Determine how many lines of the material hold the string "continued" and reply with only that number.

= Beginning of Section =

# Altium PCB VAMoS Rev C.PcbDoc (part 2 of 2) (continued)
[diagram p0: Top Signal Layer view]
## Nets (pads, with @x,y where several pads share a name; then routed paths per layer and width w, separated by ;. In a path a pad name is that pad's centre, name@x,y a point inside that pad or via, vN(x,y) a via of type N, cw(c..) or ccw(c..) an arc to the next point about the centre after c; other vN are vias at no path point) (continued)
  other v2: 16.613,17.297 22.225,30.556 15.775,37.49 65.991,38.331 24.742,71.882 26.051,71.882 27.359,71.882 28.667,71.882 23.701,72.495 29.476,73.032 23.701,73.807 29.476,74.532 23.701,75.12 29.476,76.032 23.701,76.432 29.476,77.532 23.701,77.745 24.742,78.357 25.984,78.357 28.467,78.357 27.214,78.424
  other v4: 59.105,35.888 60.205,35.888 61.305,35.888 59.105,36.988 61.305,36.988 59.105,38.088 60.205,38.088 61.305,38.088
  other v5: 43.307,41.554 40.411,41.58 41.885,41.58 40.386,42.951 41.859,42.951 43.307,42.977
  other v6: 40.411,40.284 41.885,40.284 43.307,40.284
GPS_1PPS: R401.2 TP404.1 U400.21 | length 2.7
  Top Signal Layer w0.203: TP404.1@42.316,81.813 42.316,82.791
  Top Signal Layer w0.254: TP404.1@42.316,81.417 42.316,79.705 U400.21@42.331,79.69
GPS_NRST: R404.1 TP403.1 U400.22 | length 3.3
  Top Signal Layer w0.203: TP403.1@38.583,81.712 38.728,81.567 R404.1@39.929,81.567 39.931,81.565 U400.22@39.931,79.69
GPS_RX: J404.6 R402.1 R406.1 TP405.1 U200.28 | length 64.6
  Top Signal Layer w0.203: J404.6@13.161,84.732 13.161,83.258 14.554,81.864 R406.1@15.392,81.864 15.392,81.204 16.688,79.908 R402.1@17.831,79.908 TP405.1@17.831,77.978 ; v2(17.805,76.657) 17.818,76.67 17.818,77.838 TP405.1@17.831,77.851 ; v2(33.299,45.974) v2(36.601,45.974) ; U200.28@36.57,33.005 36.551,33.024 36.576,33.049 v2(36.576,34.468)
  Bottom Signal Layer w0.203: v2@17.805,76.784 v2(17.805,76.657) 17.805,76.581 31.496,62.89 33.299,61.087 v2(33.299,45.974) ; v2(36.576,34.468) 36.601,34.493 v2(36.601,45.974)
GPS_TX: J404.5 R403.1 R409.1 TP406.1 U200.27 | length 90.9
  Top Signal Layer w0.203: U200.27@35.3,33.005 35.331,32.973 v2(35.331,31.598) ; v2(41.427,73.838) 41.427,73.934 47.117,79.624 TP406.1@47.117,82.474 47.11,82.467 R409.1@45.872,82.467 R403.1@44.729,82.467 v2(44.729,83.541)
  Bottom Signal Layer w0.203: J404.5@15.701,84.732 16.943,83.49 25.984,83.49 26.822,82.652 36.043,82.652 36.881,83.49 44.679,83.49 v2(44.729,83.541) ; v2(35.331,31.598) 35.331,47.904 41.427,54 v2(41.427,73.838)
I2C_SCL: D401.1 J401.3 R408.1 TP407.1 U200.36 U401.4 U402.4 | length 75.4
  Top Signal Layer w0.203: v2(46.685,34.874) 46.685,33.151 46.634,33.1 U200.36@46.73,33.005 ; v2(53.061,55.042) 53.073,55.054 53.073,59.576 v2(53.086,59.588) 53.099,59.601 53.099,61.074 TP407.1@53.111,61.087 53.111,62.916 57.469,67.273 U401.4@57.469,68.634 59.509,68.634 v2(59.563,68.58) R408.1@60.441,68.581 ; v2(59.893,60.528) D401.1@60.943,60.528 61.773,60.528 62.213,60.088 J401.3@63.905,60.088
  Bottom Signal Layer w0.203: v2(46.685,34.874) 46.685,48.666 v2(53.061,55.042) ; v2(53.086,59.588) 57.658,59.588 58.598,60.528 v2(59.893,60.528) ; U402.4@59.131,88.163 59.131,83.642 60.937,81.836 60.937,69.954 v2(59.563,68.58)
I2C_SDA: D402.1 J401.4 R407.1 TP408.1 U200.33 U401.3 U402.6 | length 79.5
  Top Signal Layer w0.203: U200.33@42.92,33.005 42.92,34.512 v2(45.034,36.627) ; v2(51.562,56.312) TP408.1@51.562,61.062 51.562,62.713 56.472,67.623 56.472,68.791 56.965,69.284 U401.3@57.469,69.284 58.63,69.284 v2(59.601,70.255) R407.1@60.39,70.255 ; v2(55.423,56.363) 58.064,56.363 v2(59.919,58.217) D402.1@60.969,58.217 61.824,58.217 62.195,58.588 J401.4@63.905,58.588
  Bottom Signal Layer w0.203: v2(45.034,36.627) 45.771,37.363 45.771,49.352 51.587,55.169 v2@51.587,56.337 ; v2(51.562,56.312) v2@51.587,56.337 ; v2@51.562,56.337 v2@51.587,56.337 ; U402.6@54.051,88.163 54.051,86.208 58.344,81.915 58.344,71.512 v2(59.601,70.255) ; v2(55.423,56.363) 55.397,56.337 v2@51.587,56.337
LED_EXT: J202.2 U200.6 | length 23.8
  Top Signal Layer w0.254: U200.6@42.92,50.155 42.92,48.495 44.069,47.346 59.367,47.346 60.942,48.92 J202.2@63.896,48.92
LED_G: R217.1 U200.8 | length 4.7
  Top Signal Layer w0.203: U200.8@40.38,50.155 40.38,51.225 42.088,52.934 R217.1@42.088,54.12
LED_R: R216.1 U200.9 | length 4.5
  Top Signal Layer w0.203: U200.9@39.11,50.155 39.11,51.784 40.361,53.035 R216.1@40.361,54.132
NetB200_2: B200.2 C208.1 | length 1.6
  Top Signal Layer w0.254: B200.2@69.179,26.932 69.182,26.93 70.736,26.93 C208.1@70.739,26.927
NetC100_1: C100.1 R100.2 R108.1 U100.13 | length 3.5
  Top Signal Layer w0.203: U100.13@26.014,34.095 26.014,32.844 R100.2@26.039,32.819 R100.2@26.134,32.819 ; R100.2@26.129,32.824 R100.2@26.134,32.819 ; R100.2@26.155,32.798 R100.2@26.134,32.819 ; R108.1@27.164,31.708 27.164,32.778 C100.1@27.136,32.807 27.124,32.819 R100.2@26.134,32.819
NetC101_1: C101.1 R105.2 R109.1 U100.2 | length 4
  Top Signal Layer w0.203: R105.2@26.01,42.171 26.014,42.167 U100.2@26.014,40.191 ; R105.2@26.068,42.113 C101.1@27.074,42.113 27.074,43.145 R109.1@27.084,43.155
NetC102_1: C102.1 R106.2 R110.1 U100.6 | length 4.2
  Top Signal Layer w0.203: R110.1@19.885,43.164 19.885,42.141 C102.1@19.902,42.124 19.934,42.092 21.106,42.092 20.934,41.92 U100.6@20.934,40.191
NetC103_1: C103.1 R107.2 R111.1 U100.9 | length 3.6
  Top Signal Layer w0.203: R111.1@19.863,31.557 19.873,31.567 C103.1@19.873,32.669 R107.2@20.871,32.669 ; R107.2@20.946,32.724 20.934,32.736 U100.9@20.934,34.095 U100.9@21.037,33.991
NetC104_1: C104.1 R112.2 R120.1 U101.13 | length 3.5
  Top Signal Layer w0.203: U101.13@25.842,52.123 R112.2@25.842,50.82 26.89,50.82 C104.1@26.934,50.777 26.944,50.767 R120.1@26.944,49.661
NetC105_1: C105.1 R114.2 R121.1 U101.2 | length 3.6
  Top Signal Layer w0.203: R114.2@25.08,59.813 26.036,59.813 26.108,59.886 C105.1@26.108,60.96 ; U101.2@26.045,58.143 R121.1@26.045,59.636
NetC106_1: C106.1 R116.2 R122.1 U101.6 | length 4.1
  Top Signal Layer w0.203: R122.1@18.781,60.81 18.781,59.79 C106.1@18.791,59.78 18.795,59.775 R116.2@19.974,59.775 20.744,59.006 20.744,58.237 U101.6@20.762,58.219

= End of Section =

Exercise output =
2